Running without the wrapper (only if you must)
If you can't use the wrapper (e.g. on Windows or inside an IDE that shells
pytest directly), at minimum activate the venv and pass -n 4:
source .venv/bin/activate # or: source venv/bin/activate
python -m pytest tests/ -q -n 4
Worker count above 4 will surface test-ordering flakes that CI never sees.
Always run the full suite before pushing changes.
Don't write change-detector tests
A test is a change-detector if it fails whenever data that is expected to change gets updated — model catalogs, config version numbers, enumeration counts, hardcoded lists of provider models. These tests add no behavioral coverage; they just guarantee that routine source updates break CI and cost engineering time to "fix."
Do not write:
# catalog snapshot — breaks every model release
assert "gemini-2.5-pro" in _PROVIDER_MODELS["gemini"]

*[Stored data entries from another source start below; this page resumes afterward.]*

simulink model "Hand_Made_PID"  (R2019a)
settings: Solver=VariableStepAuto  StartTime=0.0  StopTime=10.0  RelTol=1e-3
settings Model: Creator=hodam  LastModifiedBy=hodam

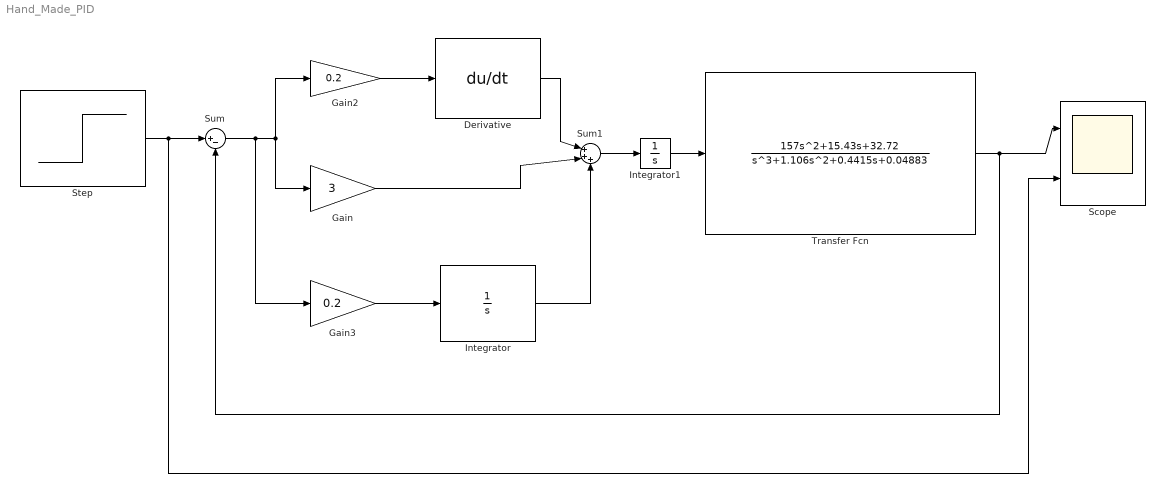
== system Hand_Made_PID ==
  Derivative : Derivative
  Gain : Gain  Gain=3
  Gain2 : Gain  Gain=0.2
  Gain3 : Gain  Gain=0.2
  Integrator : Integrator
  Integrator1 : Integrator
  Scope : Scope  NumInputPorts=2
  Step : Step  Time=0  After=60  SampleTime=0
  Sum : Sum  Inputs=|+-
  Sum1 : Sum  Inputs=|+++
  Transfer Fcn : TransferFcn  Numerator=[157 15.43 32.72]  Denominator=[1 1.106 0.4415 0.04883]
  wires:
  Derivative/1 -> Sum1/1
  Integrator/1 -> Sum1/3
  Gain/1 -> Sum1/2
  Gain3/1 -> Integrator/1
  Gain2/1 -> Derivative/1
  Sum/1 -> Gain3/1, Gain2/1, Gain/1
  Transfer Fcn/1 -> Sum/2, Scope/1
  Sum1/1 -> Integrator1/1
  Integrator1/1 -> Transfer Fcn/1
  Step/1 -> Scope/2, Sum/1
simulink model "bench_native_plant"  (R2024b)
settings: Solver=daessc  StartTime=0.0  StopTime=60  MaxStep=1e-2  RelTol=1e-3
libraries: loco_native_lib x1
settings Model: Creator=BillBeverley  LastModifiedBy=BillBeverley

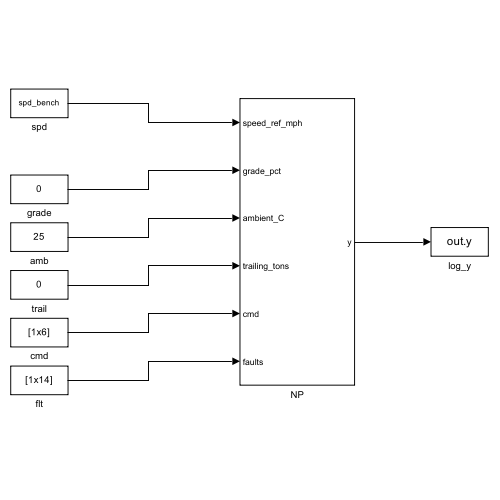
[thumbnail: Simulink's stored preview of the top-level diagram]
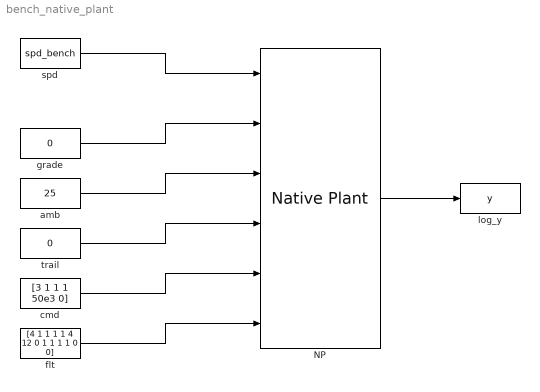
== system bench_native_plant ==
  NP : loco_native_lib/Native Plant  SystemSampleTime=-1  VariantActivationTime=update diagram  AllowFlexibleInterface=on  Latency=0  AutoFrameSizeCalculation=off
  amb : Constant  Value=25
  cmd : Constant  Value=[3 1 1 1 50e3 0]
  flt : Constant  Value=[4 1 1 1 1 4 12 0 1 1 1 1 0 0]
  grade : Constant  Value=0
  log_y : ToWorkspace  VariableName=y  SaveFormat=Timeseries  SampleTime=-1
  spd : FromWorkspace  VariableName=spd_bench
  trail : Constant  Value=0
  wires:
  grade/1 -> NP/2
  amb/1 -> NP/3
  trail/1 -> NP/4
  cmd/1 -> NP/5
  flt/1 -> NP/6
  spd/1 -> NP/1
  NP/1 -> log_y/1
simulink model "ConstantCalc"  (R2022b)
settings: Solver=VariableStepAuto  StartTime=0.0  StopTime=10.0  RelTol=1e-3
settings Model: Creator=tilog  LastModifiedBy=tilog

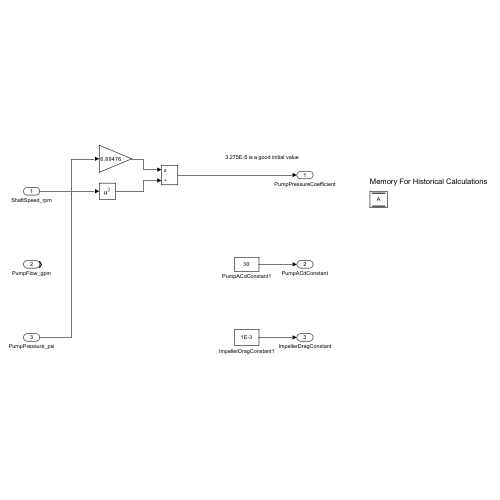
[thumbnail: Simulink's stored preview of the top-level diagram]
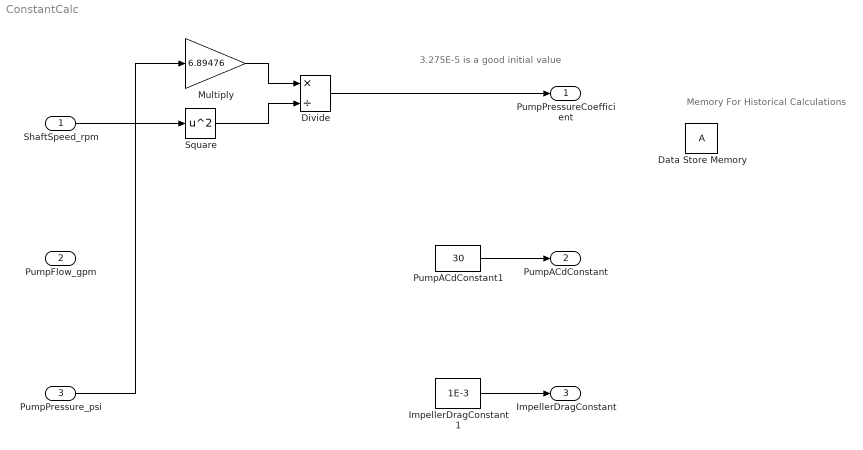
== system ConstantCalc ==
  note: Memory For Historical Calculations
  note: 3.275E-5 is a good initial value
  ShaftSpeed_rpm : Inport
  PumpFlow_gpm : Inport  Port=2
  PumpPressure_psi : Inport  Port=3
  Data Store Memory : DataStoreMemory  WriteAfterWriteMsg=warning  ShowAdditionalParam=off
  Divide : Product  Inputs=*/
  ImpellerDragConstant1 : Constant  Value=1E-3
  Multiply : Gain  Gain=6.89476
  PumpACdConstant1 : Constant  Value=30
  Square : Math  Operator=square
  PumpPressureCoefficient : Outport
  PumpACdConstant : Outport  Port=2
  ImpellerDragConstant : Outport  Port=3
  wires:
  ShaftSpeed_rpm/1 -> Square/1
  PumpPressure_psi/1 -> Multiply/1
  Square/1 -> Divide/2
  Multiply/1 -> Divide/1
  Divide/1 -> PumpPressureCoefficient/1
  ImpellerDragConstant1/1 -> ImpellerDragConstant/1
  PumpACdConstant1/1 -> PumpACdConstant/1

assert "MiniMax-M2.7" in models
# config version literal — breaks every schema bump
assert DEFAULT_CONFIG["_config_version"] == 21
# enumeration count — breaks every time a skill/provider is added
assert len(_PROVIDER_MODELS["huggingface"]) == 8
Do write:
# behavior: does the catalog plumbing work at all?
assert "gemini" in _PROVIDER_MODELS
assert len(_PROVIDER_MODELS["gemini"]) >= 1
# behavior: does migration bump the user's version to current latest?
assert raw["_config_version"] == DEFAULT_CONFIG["_config_version"]
# invariant: no plan-only model leaks into the legacy list
assert not (set(moonshot_models) & coding_plan_only_models)
# invariant: every model in the catalog has a context-length entry
for m in _PROVIDER_MODELS["huggingface"]:
assert m.lower() in DEFAULT_CONTEXT_LENGTHS_LOWER
The rule: if the test reads like a snapshot of current data, delete it. If it reads like a contract about how two pieces of data must relate, keep it. When a PR adds a new provider/model and you want a test, make the test assert the relationship (e.g. "catalog entries all have context lengths"), not the specific names.
Reviewers should reject new change-detector tests; authors should convert them into invariants before re-requesting review.